Your objective
Determine the number of lines below that contain "ezdxf". Write nothing but that number.

Record excerpts
· · · · ·

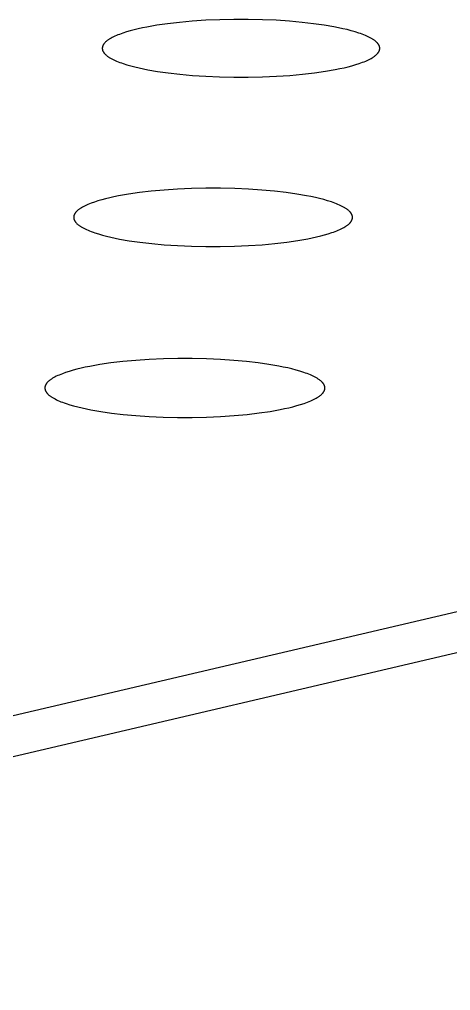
# Model space of a CAD drawing. Header units: millimetres. Extents: x 0 to 4030, y -54 to 2762.
# Drawn here: x 1183 to 1191.45, y 949.79 to 968.84 of the extents above; entities that cross this region are included whole.
import ezdxf

# ---------------------------------------------------------------- set-up
doc = ezdxf.new("R2010")
doc.units = ezdxf.units.MM
doc.header["$MEASUREMENT"] = 0
doc.layers.add('Utwórz2D linie widoczne', color=7, linetype='Continuous', true_color=0x000000)

msp = doc.modelspace()

# ---------------------------------------------------------------- linework, layer by layer
at = {"layer": 'Utwórz2D linie widoczne'}
for p, q in [((1240.434, 968.688), (1121.737, 940.828)), ((1185.405, 968.669), (1185.321, 968.651)), ((1185.493, 968.687), (1185.405, 968.669)), ((1185.687, 968.721), (1185.493, 968.687)), ((1185.901, 968.752), (1185.687, 968.721)), ((1186.134, 968.779), (1185.901, 968.752)), ((1186.384, 968.801), (1186.134, 968.779)), ((1186.647, 968.819), (1186.384, 968.801)), ((1186.921, 968.831), (1186.647, 968.819)), ((1187.201, 968.837), (1186.921, 968.831)), ((1187.482, 968.836), (1187.201, 968.837)), ((1187.76, 968.83), (1187.482, 968.836)), ((1188.031, 968.819), (1187.76, 968.83)), ((1188.29, 968.801), (1188.031, 968.819)), ((1188.535, 968.779), (1188.29, 968.801)), ((1188.763, 968.753), (1188.535, 968.779)), ((1188.972, 968.723), (1188.763, 968.753)), ((1189.161, 968.691), (1188.972, 968.723)), ((1189.249, 968.674), (1189.161, 968.691)), ((1189.335, 968.655), (1189.249, 968.674)), ((1184.792, 968.469), (1184.769, 968.456)), ((1184.816, 968.482), (1184.792, 968.469)), ((1184.842, 968.495), (1184.816, 968.482)), ((1184.869, 968.508), (1184.842, 968.495)), ((1184.898, 968.52), (1184.869, 968.508)), ((1184.927, 968.532), (1184.898, 968.52)), ((1184.958, 968.544), (1184.927, 968.532)), ((1185.023, 968.568), (1184.958, 968.544)), ((1185.093, 968.59), (1185.023, 968.568)), ((1185.166, 968.611), (1185.093, 968.59)), ((1185.242, 968.631), (1185.166, 968.611)), ((1185.321, 968.651), (1185.242, 968.631)), ((1189.418, 968.636), (1189.335, 968.655)), ((1189.498, 968.615), (1189.418, 968.636)), ((1189.574, 968.593), (1189.498, 968.615)), ((1189.646, 968.57), (1189.574, 968.593)), ((1189.681, 968.558), (1189.646, 968.57)), ((1189.714, 968.546), (1189.681, 968.558)), ((1189.746, 968.534), (1189.714, 968.546)), ((1189.777, 968.522), (1189.746, 968.534)), ((1189.806, 968.509), (1189.777, 968.522)), ((1189.834, 968.496), (1189.806, 968.509)), ((1189.86, 968.483), (1189.834, 968.496)), ((1189.885, 968.47), (1189.86, 968.483)), ((1189.909, 968.456), (1189.885, 968.47)), ((1242.08, 968.285), (1123.44, 940.408)), ((1184.62, 968.278), (1184.619, 968.275)), ((1184.621, 968.289), (1184.62, 968.286)), ((1184.62, 968.286), (1184.62, 968.282)), ((1184.62, 968.282), (1184.62, 968.278)), ((1184.622, 968.293), (1184.621, 968.289)), ((1184.623, 968.3), (1184.622, 968.297)), ((1184.622, 968.297), (1184.622, 968.293)), ((1184.624, 968.304), (1184.623, 968.3)), ((1184.625, 968.308), (1184.624, 968.304)), ((1184.626, 968.311), (1184.625, 968.308)), ((1184.628, 968.315), (1184.626, 968.311)), ((1184.629, 968.319), (1184.628, 968.315)), ((1184.631, 968.322), (1184.629, 968.319)), ((1184.632, 968.326), (1184.631, 968.322)), ((1184.634, 968.33), (1184.632, 968.326)), ((1184.636, 968.333), (1184.634, 968.33)), ((1184.638, 968.337), (1184.636, 968.333)), ((1184.64, 968.34), (1184.638, 968.337)), ((1184.642, 968.344), (1184.64, 968.34)), ((1184.645, 968.348), (1184.642, 968.344)), ((1184.647, 968.351), (1184.645, 968.348)), ((1184.65, 968.355), (1184.647, 968.351)), ((1184.652, 968.358), (1184.65, 968.355)), ((1184.655, 968.362), (1184.652, 968.358)), ((1184.658, 968.366), (1184.655, 968.362)), ((1184.661, 968.369), (1184.658, 968.366)), ((1184.664, 968.373), (1184.661, 968.369)), ((1184.671, 968.38), (1184.664, 968.373)), ((1184.677, 968.387), (1184.671, 968.38)), ((1184.685, 968.394), (1184.677, 968.387)), ((1184.693, 968.401), (1184.685, 968.394)), ((1184.701, 968.408), (1184.693, 968.401)), ((1184.709, 968.415), (1184.701, 968.408)), ((1184.718, 968.422), (1184.709, 968.415)), ((1184.728, 968.429), (1184.718, 968.422)), ((1184.737, 968.436), (1184.728, 968.429)), ((1184.747, 968.442), (1184.737, 968.436)), ((1184.758, 968.449), (1184.747, 968.442)), ((1184.769, 968.456), (1184.758, 968.449)), ((1189.92, 968.449), (1189.909, 968.456)), ((1189.931, 968.442), (1189.92, 968.449)), ((1189.941, 968.435), (1189.931, 968.442)), ((1189.951, 968.428), (1189.941, 968.435)), ((1189.96, 968.422), (1189.951, 968.428)), ((1189.969, 968.415), (1189.96, 968.422)), ((1189.978, 968.407), (1189.969, 968.415)), ((1189.986, 968.4), (1189.978, 968.407)), ((1189.994, 968.393), (1189.986, 968.4)), ((1190.002, 968.386), (1189.994, 968.393)), ((1190.009, 968.379), (1190.002, 968.386)), ((1190.012, 968.375), (1190.009, 968.379)), ((1190.015, 968.372), (1190.012, 968.375)), ((1190.018, 968.368), (1190.015, 968.372)), ((1190.021, 968.365), (1190.018, 968.368)), ((1190.024, 968.361), (1190.021, 968.365)), ((1190.027, 968.357), (1190.024, 968.361)), ((1190.03, 968.354), (1190.027, 968.357)), ((1190.032, 968.35), (1190.03, 968.354)), ((1190.035, 968.347), (1190.032, 968.35)), ((1190.037, 968.343), (1190.035, 968.347)), ((1190.039, 968.339), (1190.037, 968.343)), ((1190.041, 968.336), (1190.039, 968.339)), ((1190.043, 968.332), (1190.041, 968.336)), ((1190.045, 968.328), (1190.043, 968.332)), ((1190.047, 968.325), (1190.045, 968.328)), ((1190.048, 968.321), (1190.047, 968.325)), ((1190.05, 968.317), (1190.048, 968.321)), ((1190.051, 968.314), (1190.05, 968.317)), ((1190.053, 968.31), (1190.051, 968.314)), ((1190.054, 968.306), (1190.053, 968.31)), ((1190.055, 968.303), (1190.054, 968.306)), ((1190.056, 968.299), (1190.055, 968.303)), ((1190.057, 968.295), (1190.056, 968.299)), ((1190.058, 968.292), (1190.057, 968.295)), ((1190.058, 968.288), (1190.058, 968.292)), ((1190.059, 968.284), (1190.058, 968.288)), ((1190.059, 968.281), (1190.059, 968.284)), ((1190.059, 968.277), (1190.059, 968.281)), ((1184.619, 968.275), (1184.619, 968.271)), ((1184.619, 968.271), (1184.619, 968.267)), ((1184.619, 968.267), (1184.619, 968.264)), ((1184.619, 968.264), (1184.62, 968.26)), ((1184.62, 968.26), (1184.62, 968.256)), ((1184.62, 968.256), (1184.621, 968.253)), ((1184.621, 968.253), (1184.621, 968.249)), ((1184.621, 968.249), (1184.622, 968.245)), ((1184.622, 968.245), (1184.623, 968.242)), ((1184.623, 968.242), (1184.624, 968.238)), ((1184.624, 968.238), (1184.625, 968.234)), ((1184.625, 968.234), (1184.626, 968.231)), ((1184.626, 968.231), (1184.627, 968.227)), ((1184.627, 968.227), (1184.629, 968.223)), ((1184.629, 968.223), (1184.63, 968.22)), ((1184.63, 968.22), (1184.632, 968.216)), ((1184.632, 968.216), (1184.633, 968.213)), ((1184.633, 968.213), (1184.635, 968.209)), ((1184.635, 968.209), (1184.637, 968.205)), ((1184.637, 968.205), (1184.639, 968.202)), ((1184.639, 968.202), (1184.642, 968.198)), ((1184.642, 968.198), (1184.644, 968.194)), ((1184.644, 968.194), (1184.646, 968.191)), ((1184.646, 968.191), (1184.649, 968.187)), ((1184.649, 968.187), (1184.651, 968.183)), ((1184.651, 968.183), (1184.654, 968.18)), ((1184.654, 968.18), (1184.657, 968.176)), ((1184.657, 968.176), (1184.66, 968.173)), ((1184.66, 968.173), (1184.663, 968.169)), ((1184.663, 968.169), (1184.666, 968.165)), ((1184.666, 968.165), (1184.67, 968.162)), ((1184.67, 968.162), (1184.676, 968.155)), ((1184.676, 968.155), (1184.684, 968.148)), ((1184.684, 968.148), (1184.692, 968.14)), ((1184.692, 968.14), (1184.7, 968.133)), ((1184.7, 968.133), (1184.708, 968.126)), ((1184.708, 968.126), (1184.718, 968.119)), ((1184.718, 968.119), (1184.727, 968.112)), ((1184.727, 968.112), (1184.737, 968.105)), ((1184.737, 968.105), (1184.747, 968.098)), ((1184.747, 968.098), (1184.758, 968.092)), ((1184.758, 968.092), (1184.769, 968.085)), ((1189.911, 968.085), (1189.922, 968.092)), ((1189.922, 968.092), (1189.933, 968.098)), ((1189.933, 968.098), (1189.943, 968.105)), ((1189.943, 968.105), (1189.952, 968.112)), ((1189.952, 968.112), (1189.962, 968.119)), ((1189.962, 968.119), (1189.971, 968.126)), ((1189.971, 968.126), (1189.979, 968.133)), ((1189.979, 968.133), (1189.987, 968.14)), ((1189.987, 968.14), (1189.995, 968.147)), ((1189.995, 968.147), (1190.002, 968.154)), ((1190.002, 968.154), (1190.009, 968.161)), ((1190.009, 968.161), (1190.016, 968.168)), ((1190.016, 968.168), (1190.019, 968.172)), ((1190.019, 968.172), (1190.022, 968.175)), ((1190.022, 968.175), (1190.024, 968.179)), ((1190.024, 968.179), (1190.027, 968.182)), ((1190.027, 968.182), (1190.03, 968.186)), ((1190.03, 968.186), (1190.032, 968.19)), ((1190.032, 968.19), (1190.035, 968.193)), ((1190.035, 968.193), (1190.037, 968.197)), ((1190.037, 968.197), (1190.039, 968.2)), ((1190.039, 968.2), (1190.041, 968.204)), ((1190.041, 968.204), (1190.043, 968.208)), ((1190.043, 968.208), (1190.045, 968.211)), ((1190.045, 968.211), (1190.047, 968.215)), ((1190.047, 968.215), (1190.049, 968.219)), ((1190.049, 968.219), (1190.05, 968.222)), ((1190.05, 968.222), (1190.051, 968.226)), ((1190.051, 968.226), (1190.053, 968.229)), ((1190.053, 968.229), (1190.054, 968.233)), ((1190.054, 968.233), (1190.055, 968.237)), ((1190.055, 968.237), (1190.056, 968.24)), ((1190.056, 968.24), (1190.057, 968.244)), ((1190.057, 968.244), (1190.058, 968.248)), ((1190.058, 968.251), (1190.059, 968.255)), ((1190.058, 968.248), (1190.058, 968.251)), ((1190.06, 968.273), (1190.059, 968.277)), ((1190.059, 968.262), (1190.06, 968.266)), ((1190.059, 968.259), (1190.059, 968.262)), ((1190.059, 968.255), (1190.059, 968.259)), ((1190.06, 968.27), (1190.06, 968.273)), ((1190.06, 968.266), (1190.06, 968.27)), ((1184.769, 968.085), (1184.792, 968.071)), ((1184.792, 968.071), (1184.817, 968.058)), ((1184.817, 968.058), (1184.844, 968.045)), ((1184.844, 968.045), (1184.871, 968.032)), ((1184.871, 968.032), (1184.901, 968.019)), ((1184.901, 968.019), (1184.931, 968.007)), ((1184.931, 968.007), (1184.963, 967.994)), ((1184.963, 967.994), (1184.996, 967.982)), ((1184.996, 967.982), (1185.031, 967.97)), ((1185.031, 967.97), (1185.103, 967.947)), ((1185.103, 967.947), (1185.179, 967.926)), ((1185.179, 967.926), (1185.259, 967.905)), ((1185.259, 967.905), (1185.342, 967.885)), ((1189.36, 967.89), (1189.439, 967.909)), ((1189.439, 967.909), (1189.515, 967.929)), ((1189.515, 967.929), (1189.588, 967.951)), ((1189.588, 967.951), (1189.658, 967.973)), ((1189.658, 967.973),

· · · · ·

Result of the task
3